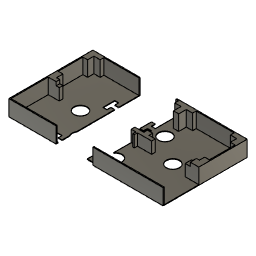
loose_split (Autodesk Fusion 360 design; units mm, degrees)
Autodesk Fusion 360 part; units mm, degrees
note: some values were not read from the file. Chosen so that the rebuilt part matches the saved one: which face or edge a step refers to. Set by a fixed rule: which sketch regions a step uses.
(part 1 of 2)
sketch "スケッチ1" plane through (0, 0, 0) normal (0, 0, 1) x (1, 0, 0)
  line L0 (0, 0) -> (224, 0)
  line L1 (224, 0) -> (224, 158)
  line L2 (224, 158) -> (0, 158)
  line L3 (0, 158) -> (0, 0)
  dimension "d1" = 224
  dimension "d2" = 158
  constraint horizontal L0
  constraint vertical L1
  constraint horizontal L2
  constraint vertical L3
  constraint coincident L0.start L3.end
  measures "d1" distance of L0.start L0.end
  measures "d2" distance of L0.start L2.end
extrude "押し出し1" add sketch "スケッチ1" along normal blind 30 makes body 1
sketch "スケッチ2" plane through (0, 0, 30) normal (0, 0, 1) x (-1, 0, 0)
  line L0 (0, -158) -> (0, 0)
  line L1 (0, 0) -> (-224, 0)
  line L2 (-224, 0) -> (-224, -158)
  line L3 (-224, -158) -> (0, -158)
  line L4 (0, 0) -> (-2, 0)
  line L5 (-2, 0) -> (-2, -2)
  line L6 (-2, -2) -> (0, -2)
  line L7 (0, -2) -> (0, 0)
  line L8 (-224, -158) -> (-222, -158)
  line L9 (-222, -158) -> (-222, -156)
  line L10 (-222, -156) -> (-224, -156)
  line L11 (-224, -156) -> (-224, -158)
  dimension "d5" = 2
  dimension "d6" = 2
  dimension "d7" = 2
  dimension "d8" = 2
  constraint horizontal L4
  constraint vertical L5
  constraint horizontal L6
  constraint vertical L7
  constraint coincident L0.end L1.start
  constraint horizontal L8
  constraint vertical L9
  constraint horizontal L10
  constraint vertical L11
  constraint coincident L2.end L3.start
  measures "d5" distance of L0.end L4.end
  measures "d6" distance of L0.end L6.end
  measures "d7" distance of L2.end L8.end
  measures "d8" distance of L2.end L10.end
sketch "スケッチ3" plane through (0, 0, 30) normal (0, 0, 1) x (-1, 0, 0)
  line L0 (-2, -2) -> (-222, -2)
  line L1 (-222, -2) -> (-222, -156)
  line L2 (-222, -156) -> (-2, -156)
  line L3 (-2, -156) -> (-2, -2)
  point P0 (-2, -2)
  point P1 (-222, -156)
  constraint horizontal L0
  constraint vertical L1
  constraint horizontal L2
  constraint vertical L3
  constraint coincident P1 L1.end
  constraint coincident P0 L0.start
extrude "押し出し2" cut sketch "スケッチ3" against normal blind 28 bodies 1
sketch "スケッチ4" plane through (0, 0, 2) normal (0, 0, 1) x (-1, 0, 0)
  line L0 (-2, -156) -> (-2, -2)
  line L1 (-2, -2) -> (-222, -2)
  line L2 (-222, -2) -> (-222, -156)
  line L3 (-222, -156) -> (-2, -156)
sketch "スケッチ14" plane through (0, 0, 30) normal (0, 0, 1) x (-1, 0, 0)
  line L0 (-222, -2) -> (-2, -2)
  line L1 (-2, -2) -> (-2, -156)
  line L2 (-2, -156) -> (-222, -156)
  line L3 (-222, -156) -> (-222, -2)
  line L4 (0, -158) -> (0, 0)
  line L5 (0, 0) -> (-224, 0)
  line L6 (-224, 0) -> (-224, -158)
  line L7 (-224, -158) -> (0, -158)
sketch "スケッチ15" plane through (0, 0, 30) normal (0, 0, 1) x (-1, 0, 0)
  line L0 (-224, -2) -> (-99, -2)
  line L1 (-99, -2) -> (-99, -66)
  line L2 (-99, -66) -> (-224, -66)
  line L3 (-224, -66) -> (-224, -2)
  line L4 (-224, 0) -> (-224, -158)
  dimension "d41" = 125
  dimension "d42" = 64
  constraint horizontal L0
  constraint vertical L1
  constraint horizontal L2
  constraint vertical L3
  constraint coincident L0.start L4
  measures "d41" distance of L0.start L0.end
  measures "d42" distance of L0.start L2.end
extrude "押し出し10" cut sketch "スケッチ15" against normal blind 29 bodies 1
sketch "スケッチ16" plane through (0, 0, 30) normal (0, 0, 1) x (-1, 0, 0)
  line L0 (-2, -2) -> (-99, -2)
  line L1 (-99, -2) -> (-99, -73)
  line L2 (-99, -73) -> (-2, -73)
  line L3 (-2, -73) -> (-2, -2)
  point P0 (-2, -2)
  dimension "d45" = 71
  constraint horizontal L0
  constraint vertical L1
  constraint horizontal L2
  constraint vertical L3
  constraint coincident P0 L0.start
  measures "d45" distance of P0 L2.end
extrude "押し出し11" add 1 faces at (182.3333, 23.3333, 1) along direction (0, 0, 1) blind 1 on bodies 1 bodies 1
sketch "スケッチ17" plane through (0, 0, 30) normal (0, 0, 1) x (1, 0, 0)
  line L0 (2, 156) -> (11, 156)
  line L1 (11, 156) -> (11, 147)
  line L2 (11, 147) -> (2, 147)
  line L3 (2, 147) -> (2, 156)
  line L4 (11, 147) -> (107, 147)
  line L5 (107, 147) -> (107, 76)
  line L6 (107, 76) -> (11, 76)
  line L7 (11, 76) -> (11, 147)
  line L8 (222, 156) -> (213, 156)
  line L9 (213, 156) -> (213, 147)
  line L10 (213, 147) -> (222, 147)
  line L11 (222, 147) -> (222, 156)
  line L12 (213, 147) -> (117, 147)
  line L13 (117, 147) -> (117, 76)
  line L14 (117, 76) -> (213, 76)
  line L15 (213, 76) -> (213, 147)
  point P0 (2, 156)
  point P1 (222, 156)
  dimension "d48" = 9
  dimension "d49" = 9
  dimension "d50" = 96
  dimension "d51" = 71
  dimension "d52" = 9
  dimension "d53" = 9
  dimension "d54" = 96
  dimension "d55" = 71
  constraint horizontal L0
  constraint vertical L1
  constraint horizontal L2
  constraint vertical L3
  constraint coincident P0 L0.start
  constraint horizontal L4
  constraint vertical L5
  constraint horizontal L6
  constraint vertical L7
  constraint horizontal L8
  constraint vertical L9
  constraint horizontal L10
  constraint vertical L11
  constraint coincident P1 L8.start
  constraint horizontal L12
  constraint vertical L13
  constraint horizontal L14
  constraint vertical L15
  measures "d48" distance of P0 L0.end
  measures "d49" distance of P0 L2.end
  measures "d50" distance of L1.end L4.end
  measures "d51" distance of L1.end L6.end
  measures "d52" distance of P1 L8.end
  measures "d53" distance of P1 L10.end
  measures "d54" distance of L9.end L12.end
  measures "d55" distance of L9.end L14.end
sketch "スケッチ18" plane through (0, 0, 30) normal (0, 0, 1) x (-1, 0, 0)
  line L0 (-11, -147) -> (-2, -147)
  line L1 (-2, -147) -> (-2, -138)
  line L2 (-2, -138) -> (-11, -138)
  line L3 (-11, -138) -> (-11, -147)
  line L4 (-11, -147) -> (-20, -147)
  line L5 (-20, -147) -> (-20, -156)
  line L6 (-20, -156) -> (-11, -156)
  line L7 (-11, -156) -> (-11, -147)
  point P0 (-11, -147)
  dimension "d56" = 9
  dimension "d57" = 9
  dimension "d58" = 9
  constraint horizontal L0
  constraint vertical L1
  constraint horizontal L2
  constraint vertical L3
  constraint coincident P0 L0.start
  constraint horizontal L4
  constraint vertical L5
  constraint horizontal L6
  constraint vertical L7
  measures "d56" distance of P0 L0.end
  measures "d57" distance of P0 L2.end
  measures "d58" distance of P0 L6.end
extrude "押し出し12" add sketch "スケッチ17" sketch "スケッチ18" against normal blind 28 contours L0 L1 L2 L3 of sketch 2 bodies 1
sketch "スケッチ19" plane through (0, 0, 2) normal (0, 0, 1) x (-1, 0, 0)
  line L0 (-213, -147) -> (-222, -147)
  line L1 (-222, -147) -> (-222, -138)
  line L2 (-222, -138) -> (-213, -138)
  line L3 (-213, -138) -> (-213, -147)
  line L4 (-213, -147) -> (-204, -147)
  line L5 (-204, -147) -> (-204, -156)
  line L6 (-204, -156) -> (-213, -156)
  line L7 (-213, -156) -> (-213, -147)
  point P0 (-213, -147)
  dimension "d61" = 9
  dimension "d62" = 9
  dimension "d63" = 9
  dimension "d64" = 9
  constraint horizontal L0
  constraint vertical L1
  constraint horizontal L2
  constraint vertical L3
  constraint coincident P0 L0.start
  constraint horizontal L4
  constraint vertical L5
  constraint horizontal L6
  constraint vertical L7
  measures "d61" distance of P0 L0.end
  measures "d62" distance of P0 L2.end
  measures "d63" distance of P0 L4.end
  measures "d64" distance of P0 L6.end
extrude "押し出し13" add sketch "スケッチ19" along normal blind 28 separate body makes body 2 at (210, 147, 11.3333)
extrude "押し出し14" add sketch "スケッチ17" against normal blind 28 contours L8 L9 L10 L11 bodies 1 2
sketch "スケッチ20" plane through (0, 0, 2) normal (0, 0, 1) x (-1, 0, 0)
  line L0 (-107, -147) -> (-117, -147)
  line L1 (-117, -147) -> (-117, -138)
  line L2 (-117, -138) -> (-107, -138)
  line L3 (-107, -138) -> (-107, -147)
  line L4 (-107, -147) -> (-98, -147)
  line L5 (-98, -147) -> (-98, -156)
  line L6 (-98, -156) -> (-107, -156)
  line L7 (-107, -156) -> (-107, -147)
  line L8 (-117, -147) -> (-126, -147)
  line L9 (-126, -147) -> (-126, -156)
  line L10 (-126, -156) -> (-117, -156)
  line L11 (-117, -156) -> (-117, -147)
  line L12 (-99, -66) -> (-126, -66)
  line L13 (-126, -66) -> (-126, -76)
  line L14 (-126, -76) -> (-99, -76)
  line L15 (-99, -76) -> (-99, -66)
  line L16 (-107, -76) -> (-117, -76)
  line L17 (-117, -76) -> (-117, -85)
  line L18 (-117, -85) -> (-107, -85)
  line L19 (-107, -85) -> (-107, -76)
  point P0 (-107, -147)
  point P1 (-99, -66)
  point P2 (-107, -76)
  dimension "d69" = 10
  dimension "d70" = 9
  dimension "d71" = 9
  dimension "d72" = 9
  dimension "d73" = 9
  dimension "d74" = 9
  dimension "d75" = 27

What you will do: Beginning with the line that holds "line L17 (-117, -76) -> (-117, -85)" and ending with the last line of the material, retype each line exactly and output nothing else.

Exercise response:
  line L17 (-117, -76) -> (-117, -85)
  line L18 (-117, -85) -> (-107, -85)
  line L19 (-107, -85) -> (-107, -76)
  point P0 (-107, -147)
  point P1 (-99, -66)
  point P2 (-107, -76)
  dimension "d69" = 10
  dimension "d70" = 9
  dimension "d71" = 9
  dimension "d72" = 9
  dimension "d73" = 9
  dimension "d74" = 9
  dimension "d75" = 27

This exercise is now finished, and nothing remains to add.